Yanlışı ortaya koymak için, arkadaşların delil olarak kullanmayı pek sevdikleri, Necm sûresinin 4. ayetini 3. ayetiyle beraber ele almak lazım. Ne diyor Necm sûresi bize bu ayet-i celilelerle? Kısa bir meallerini alıntılayalım: "O hevadan (kendi istek, düşünce ve tutkularına göre) konuşmaz. Ancak kendisine vahyolunanı söyler." Burada kastedilen 'o' kim? Onu da 2. ayet-i kerime haber veriyor: "Arkadaşınız (Muhammed) yanılmadı, sapmadı, aldanmadı." Yani farkediyoruz ki: Ayetler aslında Aleyhissalatuvesselama indirilen vahyin 'Kur'an'dan ibaret olduğunu' söylemek için değil, aslında onun mübarek dilinden dökülen herşeyin bir şekilde 'vahiyden' olduğunun beyanını içeriyor. Peki bu 'vahyin kapsamı' nasıl anlaşılmalı? Onu da mürşidimin metinlerinden takip edelim:

"Resul-i Ekrem aleyhissalâtü vesselâm, hem beşerdir, beşeriyet itibarıyla beşer gibi muamele eder; hem resuldür, risalet itibarıyla Cenâb-ı Hakkın tercümanıdır, elçisidir. Risaleti, vahye istinad eder. Vahiy iki kısımdır: Biri vahy-i sarihîdir ki, Resul-i Ekrem aleyhissalâtü vesselâm onda sırf bir tercümandır, mübelliğdir, müdahalesi yoktur: Kur'ân ve bazı ehâdis-i kudsiye gibi. İkinci kısım, vahy-i zımnîdir.
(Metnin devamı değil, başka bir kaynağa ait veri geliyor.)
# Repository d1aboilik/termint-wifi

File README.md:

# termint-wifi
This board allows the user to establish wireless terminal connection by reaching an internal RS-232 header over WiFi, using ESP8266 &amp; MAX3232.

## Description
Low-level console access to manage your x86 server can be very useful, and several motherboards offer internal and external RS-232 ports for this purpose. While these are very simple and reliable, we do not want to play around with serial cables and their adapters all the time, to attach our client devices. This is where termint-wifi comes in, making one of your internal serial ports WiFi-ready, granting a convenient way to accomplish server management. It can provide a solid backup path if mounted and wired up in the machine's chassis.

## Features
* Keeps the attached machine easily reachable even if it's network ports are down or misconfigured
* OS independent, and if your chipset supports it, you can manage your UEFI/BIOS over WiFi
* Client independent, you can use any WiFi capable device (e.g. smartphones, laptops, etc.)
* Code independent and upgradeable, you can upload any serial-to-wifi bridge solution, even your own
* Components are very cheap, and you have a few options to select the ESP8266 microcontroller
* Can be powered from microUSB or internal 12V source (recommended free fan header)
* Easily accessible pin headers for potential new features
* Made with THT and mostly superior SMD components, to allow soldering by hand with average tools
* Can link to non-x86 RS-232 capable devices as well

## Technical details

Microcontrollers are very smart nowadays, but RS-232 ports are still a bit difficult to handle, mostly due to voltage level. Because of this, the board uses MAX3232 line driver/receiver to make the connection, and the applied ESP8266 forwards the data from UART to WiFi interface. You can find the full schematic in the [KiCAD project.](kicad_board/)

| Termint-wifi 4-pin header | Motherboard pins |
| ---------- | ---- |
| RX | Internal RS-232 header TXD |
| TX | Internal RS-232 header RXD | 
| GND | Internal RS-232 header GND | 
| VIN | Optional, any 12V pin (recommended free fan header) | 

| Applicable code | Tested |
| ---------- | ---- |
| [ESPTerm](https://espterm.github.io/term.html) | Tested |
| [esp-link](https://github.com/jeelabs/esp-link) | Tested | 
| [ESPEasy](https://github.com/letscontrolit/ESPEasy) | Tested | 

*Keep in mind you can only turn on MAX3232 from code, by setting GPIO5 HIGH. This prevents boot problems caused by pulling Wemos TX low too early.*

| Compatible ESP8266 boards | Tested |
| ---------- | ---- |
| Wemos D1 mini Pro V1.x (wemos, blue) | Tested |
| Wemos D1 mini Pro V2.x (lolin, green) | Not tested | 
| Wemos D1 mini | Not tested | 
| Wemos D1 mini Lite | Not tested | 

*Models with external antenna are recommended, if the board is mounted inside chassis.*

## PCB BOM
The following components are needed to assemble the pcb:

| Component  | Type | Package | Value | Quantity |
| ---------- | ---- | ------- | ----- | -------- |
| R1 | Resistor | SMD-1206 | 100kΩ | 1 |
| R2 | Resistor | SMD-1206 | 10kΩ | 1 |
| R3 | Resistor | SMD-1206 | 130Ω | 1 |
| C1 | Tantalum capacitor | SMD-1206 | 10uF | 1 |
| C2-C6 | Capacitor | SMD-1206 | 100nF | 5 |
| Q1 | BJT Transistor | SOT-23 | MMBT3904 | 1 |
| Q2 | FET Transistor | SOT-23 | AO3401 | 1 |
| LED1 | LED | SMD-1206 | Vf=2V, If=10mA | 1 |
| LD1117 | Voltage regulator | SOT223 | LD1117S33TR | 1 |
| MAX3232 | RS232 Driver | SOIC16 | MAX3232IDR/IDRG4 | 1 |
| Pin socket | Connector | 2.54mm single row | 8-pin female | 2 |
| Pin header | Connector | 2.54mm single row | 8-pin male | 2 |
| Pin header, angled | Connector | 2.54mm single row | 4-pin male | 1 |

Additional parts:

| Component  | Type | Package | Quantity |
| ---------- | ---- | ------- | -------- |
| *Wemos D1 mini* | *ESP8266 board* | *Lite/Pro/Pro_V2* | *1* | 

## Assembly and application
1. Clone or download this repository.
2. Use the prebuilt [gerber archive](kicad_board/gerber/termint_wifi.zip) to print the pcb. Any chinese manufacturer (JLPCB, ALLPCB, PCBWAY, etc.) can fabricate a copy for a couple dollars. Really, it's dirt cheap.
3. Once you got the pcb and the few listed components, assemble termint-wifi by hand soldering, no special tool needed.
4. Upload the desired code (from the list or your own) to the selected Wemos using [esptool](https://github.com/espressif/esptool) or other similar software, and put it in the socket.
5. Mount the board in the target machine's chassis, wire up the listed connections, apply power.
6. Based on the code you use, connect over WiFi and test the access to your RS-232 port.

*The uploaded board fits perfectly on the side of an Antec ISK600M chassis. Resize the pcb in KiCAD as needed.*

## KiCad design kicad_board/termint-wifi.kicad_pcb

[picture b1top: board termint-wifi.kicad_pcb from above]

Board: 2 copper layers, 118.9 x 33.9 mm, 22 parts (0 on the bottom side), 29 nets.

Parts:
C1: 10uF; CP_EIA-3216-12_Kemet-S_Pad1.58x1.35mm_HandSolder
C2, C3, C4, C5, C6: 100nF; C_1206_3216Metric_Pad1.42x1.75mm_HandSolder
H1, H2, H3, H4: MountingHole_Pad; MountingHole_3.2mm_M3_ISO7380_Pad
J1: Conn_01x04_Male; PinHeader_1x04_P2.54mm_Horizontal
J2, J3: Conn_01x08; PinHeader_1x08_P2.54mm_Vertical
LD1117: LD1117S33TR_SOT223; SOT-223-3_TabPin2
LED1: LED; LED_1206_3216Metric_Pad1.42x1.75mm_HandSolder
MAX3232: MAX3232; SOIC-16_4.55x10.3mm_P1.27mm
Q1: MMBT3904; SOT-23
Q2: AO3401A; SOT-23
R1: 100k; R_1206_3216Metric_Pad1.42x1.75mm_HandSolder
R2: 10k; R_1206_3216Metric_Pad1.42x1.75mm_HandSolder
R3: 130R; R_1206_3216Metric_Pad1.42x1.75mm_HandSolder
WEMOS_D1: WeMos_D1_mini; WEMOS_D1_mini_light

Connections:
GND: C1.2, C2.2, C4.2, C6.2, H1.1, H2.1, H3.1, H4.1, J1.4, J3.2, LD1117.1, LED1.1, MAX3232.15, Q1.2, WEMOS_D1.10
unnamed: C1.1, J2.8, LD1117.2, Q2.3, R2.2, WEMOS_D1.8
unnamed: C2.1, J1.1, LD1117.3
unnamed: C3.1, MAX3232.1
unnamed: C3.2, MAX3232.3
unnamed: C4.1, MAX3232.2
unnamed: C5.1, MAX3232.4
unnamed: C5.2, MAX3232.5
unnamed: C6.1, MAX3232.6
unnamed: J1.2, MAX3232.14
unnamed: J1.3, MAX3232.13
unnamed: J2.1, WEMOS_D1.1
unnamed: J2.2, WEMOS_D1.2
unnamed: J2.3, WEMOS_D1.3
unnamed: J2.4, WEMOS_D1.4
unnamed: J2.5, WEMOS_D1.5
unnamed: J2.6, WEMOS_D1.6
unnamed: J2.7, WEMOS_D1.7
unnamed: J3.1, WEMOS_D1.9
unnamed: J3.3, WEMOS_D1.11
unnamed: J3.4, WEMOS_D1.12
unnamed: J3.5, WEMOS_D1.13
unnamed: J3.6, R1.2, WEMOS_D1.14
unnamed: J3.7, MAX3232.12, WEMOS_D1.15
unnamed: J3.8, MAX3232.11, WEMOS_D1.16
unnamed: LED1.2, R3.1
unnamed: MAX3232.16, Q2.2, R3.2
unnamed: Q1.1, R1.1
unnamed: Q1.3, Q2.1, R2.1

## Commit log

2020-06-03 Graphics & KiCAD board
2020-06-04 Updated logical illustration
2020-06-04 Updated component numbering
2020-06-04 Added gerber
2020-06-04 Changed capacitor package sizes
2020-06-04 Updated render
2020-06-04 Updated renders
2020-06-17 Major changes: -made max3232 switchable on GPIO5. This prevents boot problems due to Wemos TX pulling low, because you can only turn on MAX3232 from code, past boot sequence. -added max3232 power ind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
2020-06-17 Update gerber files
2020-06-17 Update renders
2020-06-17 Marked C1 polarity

Şu kısmın mücmel ve hülâsası, vahye ve ilhama istinad eder; fakat tafsilâtı ve tasvirâtı Resul-i Ekrem aleyhissalâtüvesselâma aittir. O vahiyden gelen mücmel hâdiseyi tafsil ve tasvirde, zât-ı Ahmediye aleyhissalâtüvesselâm, bazan yine ilhama, ya vahye istinad edip beyan eder, veyahut kendi ferasetiyle beyan eder. Ve kendi içtihadıyla yaptığı tafsilât ve tasvirâtı ya vazife-i risalet noktasında ulvî kuvve-i kudsiye ile beyan eder, veyahut örf ve âdet ve efkâr-ı âmme seviyesine göre, beşeriyeti noktasında beyan eder."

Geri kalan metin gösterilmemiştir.